In some cases an agreement or established practice provides for compensation for hours spent in certain types of activities which would not be regarded as working time under the Act if no compensation were provided. Preliminary and postliminary activities and time spent in eating meals between working hours fall in this category. Compensation for such hours does not convert them into hours worked unless it appears from all the pertinent facts that the parties have treated such time as hours worked. Except for certain activity governed by the Portal-to-Portal Act (see paragraph (b) of this section), the agreement or established practice of the parties will be respected, if reasonable.

(a) Time treated as hours worked. Where the parties have reasonably agreed to include as hours worked time devoted to activities of the type described above, payments for such hours will not have the mathematical effect of increasing or decreasing the regular rate of an employee if the hours are compensated at the same rate as other working hours. The requirements of section 7(a) of the Act will be considered to be met where overtime compensation at one and one-half times such rate is paid for the hours so compensated in the workweek which are in excess of the statutory maximum.
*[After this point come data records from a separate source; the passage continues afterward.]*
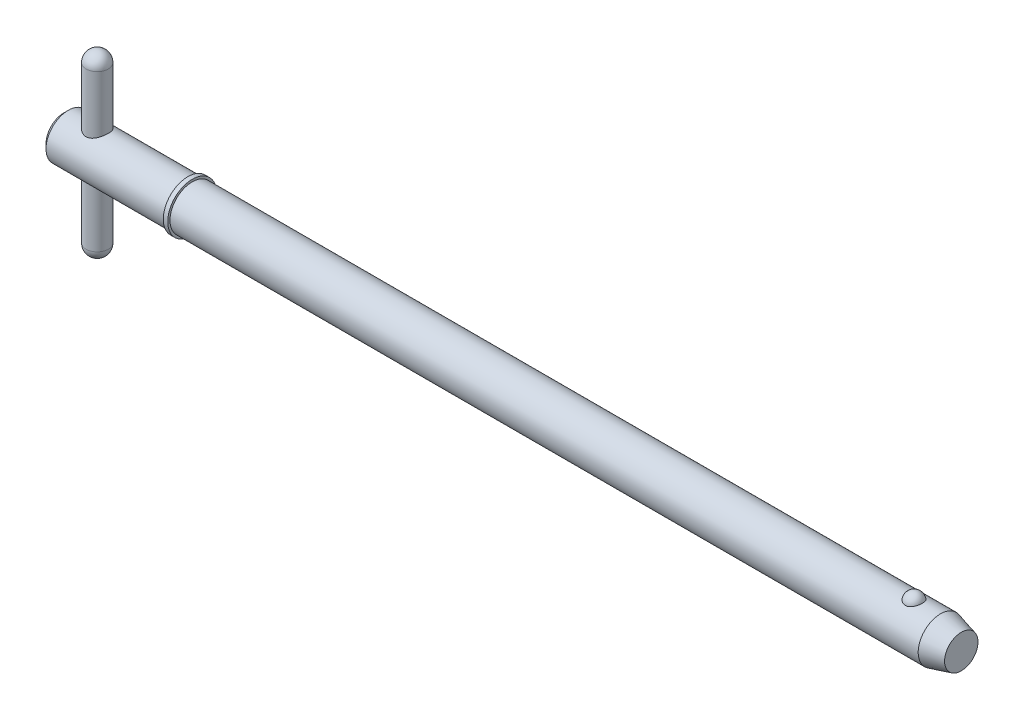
ISO-10303-21;
HEADER;
FILE_DESCRIPTION(('STEP AP214'),'2;1');
FILE_NAME('part.step','',(''),(''),'','','');
FILE_SCHEMA(('AUTOMOTIVE_DESIGN { 1 0 10303 214 1 1 1 1 }'));
ENDSEC;
DATA;
#1=APPLICATION_CONTEXT('core data for automotive mechanical design processes');
#2=APPLICATION_PROTOCOL_DEFINITION('international standard','automotive_design',2000,#1);
#3=PRODUCT_CONTEXT('',#1,'mechanical');
#4=PRODUCT('Part','Part','',(#3));
#5=PRODUCT_RELATED_PRODUCT_CATEGORY('part','',(#4));
#6=PRODUCT_DEFINITION_FORMATION('','',#4);
#7=PRODUCT_DEFINITION_CONTEXT('part definition',#1,'design');
#8=PRODUCT_DEFINITION('design','',#6,#7);
#9=PRODUCT_DEFINITION_SHAPE('','',#8);
#10=(LENGTH_UNIT() NAMED_UNIT(*) SI_UNIT(.MILLI.,.METRE.));
#11=(NAMED_UNIT(*) PLANE_ANGLE_UNIT() SI_UNIT($,.RADIAN.));
#12=(NAMED_UNIT(*) SI_UNIT($,.STERADIAN.) SOLID_ANGLE_UNIT());
#13=UNCERTAINTY_MEASURE_WITH_UNIT(LENGTH_MEASURE(1.E-05),#10,'distance_accuracy_value','');
#14=(GEOMETRIC_REPRESENTATION_CONTEXT(3) GLOBAL_UNCERTAINTY_ASSIGNED_CONTEXT((#13)) GLOBAL_UNIT_ASSIGNED_CONTEXT((#10,
#11,#12)) REPRESENTATION_CONTEXT('',''));
#15=CARTESIAN_POINT('',(0.,0.,0.));
#16=DIRECTION('',(0.,0.,1.));
#17=DIRECTION('',(1.,0.,0.));
#18=AXIS2_PLACEMENT_3D('',#15,#16,#17);
#19=CARTESIAN_POINT('',(4.755,12.7,0.));
#20=DIRECTION('',(0.,-1.,0.));
#21=DIRECTION('',(0.,0.,-1.));
#22=AXIS2_PLACEMENT_3D('',#19,#20,#21);
#23=CYLINDRICAL_SURFACE('',#22,1.585);
#24=CARTESIAN_POINT('',(4.755,-11.115,0.));
#25=DIRECTION('',(0.,-1.,0.));
#26=DIRECTION('',(0.,0.,-1.));
#27=AXIS2_PLACEMENT_3D('',#24,#25,#26);
#28=CIRCLE('',#27,1.585);
#29=CARTESIAN_POINT('',(4.755,-11.115,-1.585));
#30=VERTEX_POINT('',#29);
#31=EDGE_CURVE('P0_E10',#30,#30,#28,.F.);
#32=ORIENTED_EDGE('',*,*,#31,.T.);
#33=EDGE_LOOP('',(#32));
#34=FACE_BOUND('',#33,.T.);
#35=CARTESIAN_POINT('',(4.755,11.115,0.));
#36=DIRECTION('',(0.,-1.,0.));
#37=DIRECTION('',(0.,0.,-1.));
#38=AXIS2_PLACEMENT_3D('',#35,#36,#37);
#39=CIRCLE('',#38,1.585);
#40=CARTESIAN_POINT('',(4.755,11.115,-1.585));
#41=VERTEX_POINT('',#40);
#42=EDGE_CURVE('P0_E21',#41,#41,#39,.T.);
#43=ORIENTED_EDGE('',*,*,#42,.T.);
#44=EDGE_LOOP('',(#43));
#45=FACE_BOUND('',#44,.T.);
#46=ADVANCED_FACE('P0_F14',(#34,#45),#23,.T.);
#47=CARTESIAN_POINT('',(4.755,-11.115,0.));
#48=DIRECTION('',(0.,0.,1.));
#49=DIRECTION('',(1.,0.,0.));
#50=AXIS2_PLACEMENT_3D('',#47,#48,#49);
#51=SPHERICAL_SURFACE('',#50,1.585);
#52=CARTESIAN_POINT('',(4.755,-11.115,0.));
#53=DIRECTION('',(0.,-1.,0.));
#54=DIRECTION('',(0.,0.,-1.));
#55=AXIS2_PLACEMENT_3D('',#52,#53,#54);
#56=SPHERICAL_SURFACE('',#55,1.585);
#57=ORIENTED_EDGE('',*,*,#31,.F.);
#58=EDGE_LOOP('',(#57));
#59=FACE_BOUND('',#58,.T.);
#60=ADVANCED_FACE('P0_F29',(#59),#56,.T.);
#61=CARTESIAN_POINT('',(4.755,11.115,0.));
#62=DIRECTION('',(0.,0.,1.));
#63=DIRECTION('',(1.,0.,0.));
#64=AXIS2_PLACEMENT_3D('',#61,#62,#63);
#65=SPHERICAL_SURFACE('',#64,1.585);
#66=CARTESIAN_POINT('',(4.755,11.115,0.));
#67=DIRECTION('',(0.,-1.,0.));
#68=DIRECTION('',(0.,0.,-1.));
#69=AXIS2_PLACEMENT_3D('',#66,#67,#68);
#70=SPHERICAL_SURFACE('',#69,1.585);
#71=ORIENTED_EDGE('',*,*,#42,.F.);
#72=EDGE_LOOP('',(#71));
#73=FACE_BOUND('',#72,.T.);
#74=ADVANCED_FACE('P0_F16',(#73),#70,.T.);
#75=CLOSED_SHELL('',(#46,#60,#74));
#76=MANIFOLD_SOLID_BREP('P0_B1',#75);
#77=CARTESIAN_POINT('',(0.,0.,0.));
#78=DIRECTION('',(1.,0.,0.));
#79=DIRECTION('',(0.,0.,-1.));
#80=AXIS2_PLACEMENT_3D('',#77,#78,#79);
#81=CYLINDRICAL_SURFACE('',#80,3.175);
#82=CARTESIAN_POINT('',(124.847684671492,0.,0.));
#83=DIRECTION('',(1.,0.,0.));
#84=DIRECTION('',(0.,0.,-1.));
#85=AXIS2_PLACEMENT_3D('',#82,#83,#84);
#86=CIRCLE('',#85,3.175);
#87=CARTESIAN_POINT('',(124.847684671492,0.,-3.175));
#88=VERTEX_POINT('',#87);
#89=EDGE_CURVE('P1_E81',#88,#88,#86,.T.);
#90=ORIENTED_EDGE('',*,*,#89,.F.);
#91=EDGE_LOOP('',(#90));
#92=FACE_BOUND('',#91,.T.);
#93=CARTESIAN_POINT('',(18.29,0.,0.));
#94=DIRECTION('',(1.,0.,0.));
#95=DIRECTION('',(0.,0.,-1.));
#96=AXIS2_PLACEMENT_3D('',#93,#94,#95);
#97=CIRCLE('',#96,3.175);
#98=CARTESIAN_POINT('',(18.29,0.,-3.175));
#99=VERTEX_POINT('',#98);
#100=EDGE_CURVE('P1_E85',#99,#99,#97,.T.);
#101=ORIENTED_EDGE('',*,*,#100,.T.);
#102=EDGE_LOOP('',(#101));
#103=FACE_BOUND('',#102,.T.);
#104=CARTESIAN_POINT('',(121.07572762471,2.92898950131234,1.22541646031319));
#105=CARTESIAN_POINT('',(121.012316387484,2.92899434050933,1.22541146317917));
#106=CARTESIAN_POINT('',(120.948797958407,2.93112688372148,1.22034641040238));
#107=CARTESIAN_POINT('',(120.823530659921,2.93942752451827,1.20020949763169));
#108=CARTESIAN_POINT('',(120.761786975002,2.94560639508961,1.18511092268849));
#109=CARTESIAN_POINT('',(120.642065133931,2.96127115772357,1.1454035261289));
#110=CARTESIAN_POINT('',(120.584077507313,2.97074831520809,1.1208198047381));
#111=CARTESIAN_POINT('',(120.473194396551,2.99197584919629,1.06285154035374));
#112=CARTESIAN_POINT('',(120.420296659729,3.0037252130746,1.02947091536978));
#113=CARTESIAN_POINT('',(120.319268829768,3.02865714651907,0.953674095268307));
#114=CARTESIAN_POINT('',(120.271324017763,3.04187163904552,0.911021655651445));
#115=CARTESIAN_POINT('',(120.183036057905,3.06808741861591,0.8184003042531));
#116=CARTESIAN_POINT('',(120.142695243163,3.08108863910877,0.768429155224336));
#117=CARTESIAN_POINT('',(120.068803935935,3.10614903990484,0.660064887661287));
#118=CARTESIAN_POINT('',(120.035633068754,3.11814104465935,0.601396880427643));
#119=CARTESIAN_POINT('',(119.979119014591,3.13926931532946,0.479026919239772));
#120=CARTESIAN_POINT('',(119.955776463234,3.14840539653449,0.415324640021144));
#121=CARTESIAN_POINT('',(119.919178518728,3.16298160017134,0.283885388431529));
#122=CARTESIAN_POINT('',(119.906040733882,3.16837855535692,0.216110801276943));
#123=CARTESIAN_POINT('',(119.890567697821,3.17475386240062,0.079136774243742));
#124=CARTESIAN_POINT('',(119.888232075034,3.17573236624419,0.00993738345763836));
#125=CARTESIAN_POINT('',(119.894388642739,3.17318075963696,-0.127420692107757));
#126=CARTESIAN_POINT('',(119.902807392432,3.16968122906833,-0.195583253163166));
#127=CARTESIAN_POINT('',(119.930175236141,3.1585790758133,-0.32941342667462));
#128=CARTESIAN_POINT('',(119.949124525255,3.15097637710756,-0.395080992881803));
#129=CARTESIAN_POINT('',(119.997205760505,3.13242485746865,-0.522180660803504));
#130=CARTESIAN_POINT('',(120.026352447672,3.12147119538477,-0.583606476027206));
#131=CARTESIAN_POINT('',(120.094235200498,3.09734973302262,-0.700436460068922));
#132=CARTESIAN_POINT('',(120.132972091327,3.08418174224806,-0.755840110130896));
#133=CARTESIAN_POINT('',(120.219477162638,3.05694884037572,-0.859404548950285));
#134=CARTESIAN_POINT('',(120.267296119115,3.04287919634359,-0.907521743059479));
#135=CARTESIAN_POINT('',(120.370735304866,3.01548927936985,-0.994758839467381));
#136=CARTESIAN_POINT('',(120.426354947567,3.0021689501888,-1.03387941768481));
#137=CARTESIAN_POINT('',(120.542809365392,2.97810316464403,-1.10126594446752));
#138=CARTESIAN_POINT('',(120.603518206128,2.96731170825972,-1.12973256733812));
#139=CARTESIAN_POINT('',(120.729371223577,2.94928934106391,-1.17598467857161));
#140=CARTESIAN_POINT('',(120.794513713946,2.94205708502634,-1.19377420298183));
#141=CARTESIAN_POINT('',(120.923856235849,2.93233065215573,-1.21746387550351));
#142=CARTESIAN_POINT('',(120.987938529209,2.92961621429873,-1.22391763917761));
#143=CARTESIAN_POINT('',(121.116337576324,2.92855752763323,-1.22644976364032));
#144=CARTESIAN_POINT('',(121.180654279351,2.93021238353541,-1.22253024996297));
#145=CARTESIAN_POINT('',(121.305523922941,2.93756851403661,-1.20474140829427));
#146=CARTESIAN_POINT('',(121.366131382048,2.94313790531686,-1.1911962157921));
#147=CARTESIAN_POINT('',(121.484110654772,2.95756226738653,-1.15491492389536));
#148=CARTESIAN_POINT('',(121.541482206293,2.96641750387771,-1.13217808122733));
#149=CARTESIAN_POINT('',(121.652769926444,2.98669918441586,-1.07755083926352));
#150=CARTESIAN_POINT('',(121.706584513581,2.9981771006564,-1.04547308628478));
#151=CARTESIAN_POINT('',(121.808147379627,3.02240235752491,-0.973220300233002));
#152=CARTESIAN_POINT('',(121.855894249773,3.03514999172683,-0.933043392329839));
#153=CARTESIAN_POINT('',(121.946581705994,3.06131230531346,-0.843372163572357));
#154=CARTESIAN_POINT('',(121.989158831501,3.07472822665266,-0.793510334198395));
#155=CARTESIAN_POINT('',(122.065676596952,3.10021106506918,-0.687241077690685));
#156=CARTESIAN_POINT('',(122.099615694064,3.1122777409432,-0.630832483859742));
#157=CARTESIAN_POINT('',(122.159120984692,3.134208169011,-0.511059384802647));
#158=CARTESIAN_POINT('',(122.184389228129,3.14399040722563,-0.447531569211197));
#159=CARTESIAN_POINT('',(122.224511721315,3.15983820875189,-0.316827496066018));
#160=CARTESIAN_POINT('',(122.239365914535,3.16590375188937,-0.249651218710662));
#161=CARTESIAN_POINT('',(122.258358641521,3.17370076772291,-0.113549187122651));
#162=CARTESIAN_POINT('',(122.262496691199,3.17543204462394,-0.0446233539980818));
#163=CARTESIAN_POINT('',(122.259969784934,3.17438372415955,0.09299382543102));
#164=CARTESIAN_POINT('',(122.253305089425,3.17160423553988,0.16168517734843));
#165=CARTESIAN_POINT('',(122.229375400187,3.1618438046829,0.296502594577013));
#166=CARTESIAN_POINT('',(122.212167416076,3.15488546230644,0.362640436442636));
#167=CARTESIAN_POINT('',(122.167547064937,3.13748892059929,0.490896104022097));
#168=CARTESIAN_POINT('',(122.140133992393,3.12705048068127,0.553013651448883));
#169=CARTESIAN_POINT('',(122.075462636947,3.10369139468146,0.671876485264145));
#170=CARTESIAN_POINT('',(122.038146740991,3.0907563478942,0.728587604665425));
#171=CARTESIAN_POINT('',(121.954524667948,3.06381731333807,0.83465359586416));
#172=CARTESIAN_POINT('',(121.908218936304,3.04981337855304,0.884008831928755));
#173=CARTESIAN_POINT('',(121.807718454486,3.02230423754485,0.973916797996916));
#174=CARTESIAN_POINT('',(121.753535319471,3.00879833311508,1.01448227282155));
#175=CARTESIAN_POINT('',(121.638529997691,2.98383625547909,1.08571550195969));
#176=CARTESIAN_POINT('',(121.577705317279,2.97238085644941,1.11637952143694));
#177=CARTESIAN_POINT('',(121.453369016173,2.95329063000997,1.16592590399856));
#178=CARTESIAN_POINT('',(121.390023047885,2.94553738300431,1.1851790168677));
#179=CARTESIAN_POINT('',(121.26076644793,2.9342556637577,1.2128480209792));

(b) Time not treated as hours worked. Under the principles set forth in § 778.319, where the payments are made for time spent in an activity which, if compensable under contract, custom, or practice, is required to be counted as hours worked under the Act by virtue of Section 4 of the Portal-to-Portal Act of 1947 (see parts 785 and 790 of this chapter), no agreement by the parties to exclude such compensable time from hours worked would be valid. On the other hand, in the case of time spent in an activity which would not be hours worked under the Act if not compensated and would not become hours worked under the Portal-to-Portal Act even if made compensable by contract, custom, or practice, such time will not be counted as hours worked unless agreement or established practice indicates that the parties have treated the time as hours worked. Such time includes bona fide meal periods, see § 785.19. Unless it appears from all the pertinent facts that the parties have treated such activities as hours worked, payments for such time will be regarded as qualifying for exclusion from the regular rate under the provisions of section 7(e)(2), as explained in §§ 778.216 to 778.224. The payments for such hours cannot, of course, qualify as overtime premiums creditable toward overtime compensation under section 7(h) of the Act.